My research focuses on computational approaches to sustainability and energy domains, focusing on core challenges arising in machine learning, optimization, and control in these areas. On the application side, my interests range from improving the efficiency of generation, controlling power in smart grids, and analyzing energy consumption in homes and buildings. To attack these problems I focus on techniques from machine learning, reinforcement learning, time series prediction, approximate inference, and convex optimization, amongst others. Some examples of specific projects I am working on include:
Home Energy Informatics. How can we understand a home's energy consumption by just looking at an (unlabelled) aggregated power signal for the whole home? And if we get such information, how can we use it to improve home efficiency? To address this problem, we are developing new methods in probabilistic inference for aggregation models, motif-based methods for HMM learning, and model predictive control for controlling appliances to conserve power. We have also worked on developing new data sets for this problem, to bring the tasks here into the ML community as a whole.
Power Routing for the Smart Grid. Power in the electrical grid is typically viewed as "unroutable;" unlike network traffic, for example, power flow must obey fundamental physical laws. This has raised many issues with efficiency (due to line capacity constraints) and economics in power grids, and has largely prevented the adoption of "CS-style" networking in power grids. However, recent advancements is power electronics have given us the power to control power flow in local ways. Our research is looking at control and networking methods that would enable arbitrary routing of power in electric grids, offering the potential to transform the smart grid into something that looks much more like computer networks.
Understanding National Energy Consumption. How many wind farms would it take to power the United States? While it's not hard to compute the answer from a raw power perspective, this ignores the indeterminacy of renewables and the losses associated with transmission. Our work looks to use the large amounts of publicly available data, including historical hourly power consumption and weather information, to arrive at an honest account of whether a given set of generators will actually be able to power the country (or smaller regions). Getting optimal answers to such problems requires solving large-scale optimization and resource allocation problems at very high speeds, to quickly give feedback to users of such a system.

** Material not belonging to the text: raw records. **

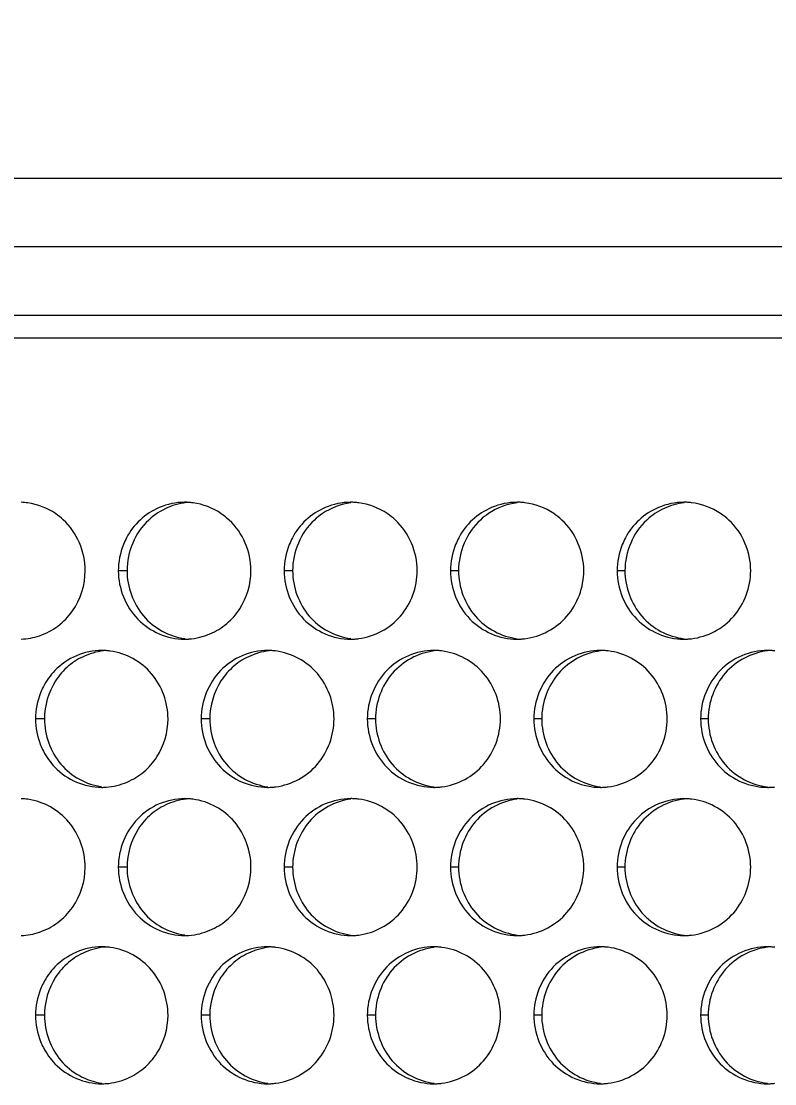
# Model space of a CAD drawing. Header units: millimetres. Extents: x 1177 to 4147, y 93 to 2194.
# Drawn here: x 1604.74 to 1637.77, y 1882.21 to 1928.77 of the extents above; entities that cross this region are included whole.
import ezdxf

# ---------------------------------------------------------------- set-up
doc = ezdxf.new("R2010")
doc.units = ezdxf.units.MM
doc.header["$LTSCALE"] = 0.1
doc.layers.get('0').update_dxf_attribs({"lineweight": 13})
doc.layers.get('Defpoints').update_dxf_attribs({"lineweight": 9})
doc.layers.add('标注', color=251, linetype='Continuous', lineweight=9)
doc.styles.get("Standard").update_dxf_attribs({"font": 'arial.ttf'})
doc.dimstyles.new('STANDARD 10', dxfattribs={"dimscale": 10, "dimtxt": 2.5, "dimasz": 1.5, "dimexe": 0.5, "dimexo": 0.5, "dimgap": 0.5, "dimtad": 1, "dimtoh": 1, "dimdec": 1, "dimzin": 9, "dimdsep": 46, "dimtxsty": 'Standard', "dimcen": 0, "dimclrd": 256, "dimclre": 256, "dimclrt": 256, "dimadec": 0, "dimazin": 0, "dimtp": 0.01, "dimtm": 0.01, "dimtfac": 1, "dimtdec": 1, "dimtofl": 0, "dimtmove": 0, "dimatfit": 3, "dimfxl": 1, "dimtolj": 1, "dimtzin": 4, "dimlwd": -1, "dimlwe": -1, "dimarcsym": 0})

# ---------------------------------------------------------------- blocks, each defined once
blk = doc.blocks.new('*D19')
at = {"layer": 'Defpoints', "color": 0, "transparency": 16777216}
for p in [(2027.49, 2011.728), (1597.49, 1918.895), (2027.49, 1918.895)]:
    blk.add_point(p, dxfattribs=at)
at = {"layer": '标注', "transparency": 16777216}
for p, q in [((1597.49, 1923.895), (1597.49, 2016.728)), ((2027.49, 1923.895), (2027.49, 2016.728)), ((1612.49, 2011.728), (2012.49, 2011.728))]:
    blk.add_line(p, q, dxfattribs=at)
for points in [[(1612.49, 2014.228), (1612.49, 2009.228), (1597.49, 2011.728)], [(2012.49, 2014.228), (2012.49, 2009.228), (2027.49, 2011.728)]]:
    blk.add_solid(points, dxfattribs=at)
at = {"layer": '标注', "transparency": 16777216, "insert": (1812.49, 2029.501), "char_height": 25, "attachment_point": 5}
blk.add_mtext('\\A1;430', dxfattribs=at)

msp = doc.modelspace()

# ---------------------------------------------------------------- linework, layer by layer
for p, q in [((1600.49, 1921.895), (2024.49, 1921.895)), ((1597.49, 1918.895), (2027.49, 1918.895)), ((1597.49, 1915.895), (2027.49, 1915.895)), ((1598.49, 1914.895), (2026.49, 1914.895))]:
    msp.add_line(p, q)
at = {"layer": '标注'}
for p, q in [((1609.376, 1904.693), (1608.994, 1904.693)), ((1616.633, 1904.693), (1616.265, 1904.693)), ((1623.907, 1904.693), (1623.553, 1904.693)), ((1631.199, 1904.693), (1630.858, 1904.693)), ((1605.754, 1898.198), (1605.365, 1898.198)), ((1613.002, 1898.198), (1612.627, 1898.198)), ((1620.268, 1898.198), (1619.907, 1898.198)), ((1627.551, 1898.198), (1627.203, 1898.198)), ((1634.85, 1898.198), (1634.516, 1898.198)), ((1609.376, 1891.702), (1608.994, 1891.702)), ((1616.633, 1891.702), (1616.265, 1891.702)), ((1623.907, 1891.702), (1623.553, 1891.702)), ((1631.199, 1891.702), (1630.858, 1891.702)), ((1605.754, 1885.207), (1605.365, 1885.207)), ((1605.754, 1885.207), (1605.365, 1885.207)), ((1613.002, 1885.207), (1612.627, 1885.207)), ((1620.268, 1885.207), (1619.907, 1885.207)), ((1627.551, 1885.207), (1627.203, 1885.207)), ((1634.85, 1885.207), (1634.516, 1885.207))]:
    msp.add_line(p, q, dxfattribs=at)
for centre, radius, start, end in [((1604.651, 1904.99), 2.702, 81.8471, 88.1347), ((1611.9, 1904.997), 2.696, 85.9382, 89.991), ((1611.895, 1904.934), 2.759, 82.2487, 85.9388), ((1619.177, 1904.985), 2.708, 86.1042, 89.9918), ((1619.173, 1904.925), 2.768, 82.5618, 86.1048), ((1626.472, 1904.974), 2.719, 86.2684, 89.9925), ((1626.469, 1904.916), 2.777, 82.872, 86.269), ((1633.784, 1904.964), 2.729, 86.4309, 89.9931), ((1633.78, 1904.908), 2.785, 83.1792, 86.4314), ((1611.9, 1904.389), 2.696, 270.009, 274.0618), ((1619.177, 1904.4), 2.708, 270.0082, 273.8958), ((1619.173, 1904.461), 2.768, 273.8952, 277.4382), ((1626.472, 1904.411), 2.719, 270.0075, 273.7316), ((1626.469, 1904.47), 2.777, 273.731, 277.128), ((1633.784, 1904.422), 2.729, 270.0069, 273.5691), ((1633.78, 1904.478), 2.785, 273.5686, 276.8208), ((1608.267, 1898.508), 2.69, 85.8545, 89.9907), ((1608.263, 1898.444), 2.754, 82.091, 85.8551), ((1615.536, 1898.496), 2.702, 86.0214, 89.9914), ((1615.532, 1898.434), 2.763, 82.4057, 86.0221), ((1622.823, 1898.484), 2.713, 86.1865, 89.9921), ((1622.819, 1898.425), 2.773, 82.7173, 86.1871), ((1630.126, 1898.474), 2.724, 86.3499, 89.9928), ((1630.122, 1898.417), 2.781, 83.026, 86.3504), ((1637.445, 1898.463), 2.734, 86.5115, 89.9934), ((1637.442, 1898.408), 2.789, 83.3318, 86.512), ((1608.267, 1897.888), 2.69, 270.0093, 274.1455), ((1615.536, 1897.899), 2.702, 270.0086, 273.9786), ((1615.532, 1897.961), 2.763, 273.9779, 277.5943), ((1622.823, 1897.911), 2.713, 270.0079, 273.8135), ((1622.819, 1897.97), 2.773, 273.8129, 277.2827), ((1630.126, 1897.922), 2.724, 270.0072, 273.6501), ((1630.122, 1897.979), 2.781, 273.6496, 276.974), ((1637.445, 1897.932), 2.734, 270.0066, 273.4885), ((1637.442, 1897.987), 2.789, 273.488, 276.6682), ((1604.651, 1892), 2.702, 81.8471, 88.1347), ((1611.9, 1892.006), 2.696, 85.9382, 89.991), ((1611.895, 1891.944), 2.759, 82.2487, 85.9388), ((1619.177, 1891.995), 2.708, 86.1042, 89.9918), ((1619.173, 1891.934), 2.768, 82.5618, 86.1048), ((1626.472, 1891.984), 2.719, 86.2684, 89.9925), ((1626.469, 1891.926), 2.777, 82.872, 86.269), ((1633.784, 1891.973), 2.729, 86.4309, 89.9931), ((1633.78, 1891.917), 2.785, 83.1792, 86.4314), ((1611.9, 1891.398), 2.696, 270.009, 274.0618), ((1619.177, 1891.41), 2.708, 270.0082, 273.8958), ((1619.173, 1891.47), 2.768, 273.8952, 277.4382), ((1626.472, 1891.421), 2.719, 270.0075, 273.7316), ((1626.469, 1891.479), 2.777, 273.731, 277.128), ((1633.784, 1891.432), 2.729, 270.0069, 273.5691), ((1633.78, 1891.488), 2.785, 273.5686, 276.8208), ((1608.267, 1885.517), 2.69, 85.8545, 89.9907), ((1608.267, 1885.517), 2.69, 85.8545, 89.9907), ((1608.263, 1885.453), 2.754, 82.091, 85.8551), ((1608.263, 1885.453), 2.754, 82.091, 85.8551), ((1615.536, 1885.505), 2.702, 86.0214, 89.9914), ((1615.532, 1885.444), 2.763, 82.4057, 86.0221), ((1622.823, 1885.494), 2.713, 86.1865, 89.9921), ((1622.819, 1885.435), 2.773, 82.7173, 86.1871), ((1630.126, 1885.483), 2.724, 86.3499, 89.9928), ((1630.122, 1885.426), 2.781, 83.026, 86.3504), ((1637.445, 1885.473), 2.734, 86.5115, 89.9934), ((1637.442, 1885.418), 2.789, 83.3318, 86.512), ((1608.267, 1884.897), 2.69, 270.0093, 274.1455), ((1608.267, 1884.897), 2.69, 270.0093, 274.1455), ((1615.536, 1884.909), 2.702, 270.0086, 273.9786), ((1615.532, 1884.971), 2.763, 273.9779, 277.5943), ((1622.823, 1884.92), 2.713, 270.0079, 273.8135), ((1622.819, 1884.98), 2.773, 273.8129, 277.2827), ((1630.126, 1884.931), 2.724, 270.0072, 273.6501), ((1630.122, 1884.988), 2.781, 273.6496, 276.974), ((1637.445, 1884.942), 2.734, 270.0066, 273.4885), ((1637.442, 1884.997), 2.789, 273.488, 276.6682)]:
    msp.add_arc(centre, radius, start, end, dxfattribs=at)
for points, knots in [([(1606.582, 1906.921), (1606.475, 1907.02), (1606.022, 1907.38), (1605.461, 1907.604), (1605.034, 1907.665)], [0, 0, 0, 0, 0.252885, 1, 1, 1, 1]), ([(1613.855, 1906.914), (1613.746, 1907.015), (1613.282, 1907.384), (1612.705, 1907.608), (1612.267, 1907.668)], [0, 0, 0, 0, 0.252571, 1, 1, 1, 1]), ([(1619.187, 1907.67), (1618.745, 1907.612), (1618.163, 1907.387), (1617.696, 1907.016), (1617.586, 1906.913)], [0, 0, 0, 0, 0.747441, 1, 1, 1, 1]), ([(1621.138, 1906.914), (1621.027, 1907.016), (1620.559, 1907.388), (1619.974, 1907.612), (1619.532, 1907.67)], [0, 0, 0, 0, 0.25249, 1, 1, 1, 1]), ([(1626.481, 1907.671), (1626.035, 1907.615), (1625.446, 1907.391), (1624.974, 1907.017), (1624.862, 1906.913)], [0, 0, 0, 0, 0.747518, 1, 1, 1, 1]), ([(1628.437, 1906.914), (1628.325, 1907.017), (1627.852, 1907.391), (1627.26, 1907.616), (1626.813, 1907.671)], [0, 0, 0, 0, 0.252412, 1, 1, 1, 1]), ([(1633.793, 1907.673), (1633.491, 1907.637), (1632.895, 1907.465), (1632.379, 1907.121), (1632.156, 1906.913)], [0, 0, 0, 0, 0.498701, 1, 1, 1, 1]), ([(1635.753, 1906.914), (1635.64, 1907.018), (1635.161, 1907.395), (1634.563, 1907.619), (1634.111, 1907.673)], [0, 0, 0, 0, 0.252339, 1, 1, 1, 1]), ([(1607.542, 1904.693), (1607.542, 1905.108), (1607.368, 1905.941), (1606.883, 1906.642), (1606.582, 1906.921)], [0, 0, 0, 0, 0.502837, 1, 1, 1, 1]), ([(1609.946, 1906.914), (1609.709, 1906.692), (1609.441, 1906.336), (1609.259, 1905.942), (1609.218, 1905.84)], [0, 0, 0, 0, 0.747673, 1, 1, 1, 1]), ([(1610.326, 1906.913), (1610.028, 1906.635), (1609.549, 1905.935), (1609.376, 1905.106), (1609.376, 1904.693)], [0, 0, 0, 0, 0.497112, 1, 1, 1, 1]), ([(1614.809, 1904.693), (1614.809, 1905.106), (1614.635, 1905.935), (1614.154, 1906.635), (1613.855, 1906.914)], [0, 0, 0, 0, 0.502653, 1, 1, 1, 1]), ([(1617.219, 1906.914), (1616.981, 1906.692), (1616.713, 1906.336), (1616.53, 1905.942), (1616.489, 1905.84)], [0, 0, 0, 0, 0.74776, 1, 1, 1, 1]), ([(1617.586, 1906.913), (1617.287, 1906.635), (1616.806, 1905.935), (1616.633, 1905.106), (1616.633, 1904.693)], [0, 0, 0, 0, 0.497284, 1, 1, 1, 1]), ([(1622.094, 1904.693), (1622.094, 1905.106), (1621.919, 1905.936), (1621.437, 1906.635), (1621.138, 1906.914)], [0, 0, 0, 0, 0.502484, 1, 1, 1, 1]), ([(1624.51, 1906.914), (1624.271, 1906.692), (1624.002, 1906.336), (1623.819, 1905.942), (1623.778, 1905.84)], [0, 0, 0, 0, 0.747843, 1, 1, 1, 1]), ([(1624.862, 1906.913), (1624.563, 1906.635), (1624.081, 1905.935), (1623.907, 1905.106), (1623.907, 1904.693)], [0, 0, 0, 0, 0.49745, 1, 1, 1, 1]), ([(1629.395, 1904.693), (1629.395, 1905.106), (1629.22, 1905.936), (1628.737, 1906.635), (1628.437, 1906.914)], [0, 0, 0, 0, 0.502321, 1, 1, 1, 1]), ([(1631.817, 1906.914), (1631.578, 1906.692), (1631.308, 1906.337), (1631.124, 1905.942), (1631.083, 1905.84)], [0, 0, 0, 0, 0.747923, 1, 1, 1, 1]), ([(1632.156, 1906.913), (1631.856, 1906.635), (1631.373, 1905.936), (1631.199, 1905.106), (1631.199, 1904.693)], [0, 0, 0, 0, 0.49761, 1, 1, 1, 1]), ([(1636.713, 1904.693), (1636.713, 1905.106), (1636.538, 1905.937), (1636.054, 1906.635), (1635.753, 1906.914)], [0, 0, 0, 0, 0.502165, 1, 1, 1, 1]), ([(1605.535, 1901.841), (1605.824, 1901.939), (1606.377, 1902.231), (1607.244, 1903.122), (1607.542, 1904.077), (1607.542, 1904.693)], [0, 0, 0, 0, 0.248219, 0.498355, 1, 1, 1, 1]), ([(1609.376, 1904.693), (1609.376, 1904.334), (1609.507, 1903.615), (1610.045, 1902.671), (1610.883, 1901.992), (1611.564, 1901.765), (1611.909, 1901.718)], [0, 0, 0, 0, 0.253649, 0.50519, 0.753532, 1, 1, 1, 1]), ([(1613.012, 1901.925), (1613.275, 1902.037), (1613.776, 1902.343), (1614.545, 1903.221), (1614.809, 1904.114), (1614.809, 1904.693)], [0, 0, 0, 0, 0.248395, 0.498438, 1, 1, 1, 1]), ([(1616.633, 1904.693), (1616.633, 1904.333), (1616.766, 1903.611), (1617.309, 1902.665), (1618.154, 1901.986), (1618.839, 1901.762), (1619.187, 1901.716)], [0, 0, 0, 0, 0.253412, 0.504834, 0.753273, 1, 1, 1, 1]), ([(1619.532, 1901.716), (1619.88, 1901.761), (1620.567, 1901.985), (1621.415, 1902.664), (1621.96, 1903.611), (1622.094, 1904.333), (1622.094, 1904.693)], [0, 0, 0, 0, 0.246967, 0.495545, 0.746873, 1, 1, 1, 1]), ([(1623.907, 1904.693), (1623.907, 1904.332), (1624.041, 1903.607), (1624.59, 1902.658), (1625.442, 1901.98), (1626.132, 1901.758), (1626.481, 1901.714)], [0, 0, 0, 0, 0.253182, 0.50449, 0.753023, 1, 1, 1, 1]), ([(1626.813, 1901.714), (1627.163, 1901.758), (1627.855, 1901.98), (1628.71, 1902.658), (1629.261, 1903.607), (1629.395, 1904.332), (1629.395, 1904.693)], [0, 0, 0, 0, 0.247215, 0.495886, 0.7471, 1, 1, 1, 1]), ([(1631.199, 1904.693), (1631.199, 1904.331), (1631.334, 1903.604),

Fundamental Algorithmic Advances. Many problems in energy and sustainability require new, massively scalable algorithms for probabilistic inference, learning and controlling dynamical systems, and optimization. We have several projects focused on these more "core" algorithmic areas, including: learning high-dimensional, sparse representations for dynamical systems; improving probabilistic inference with low-rank semidefinite programming; learning structured auto-regressive models for high-dimensional time series; and others.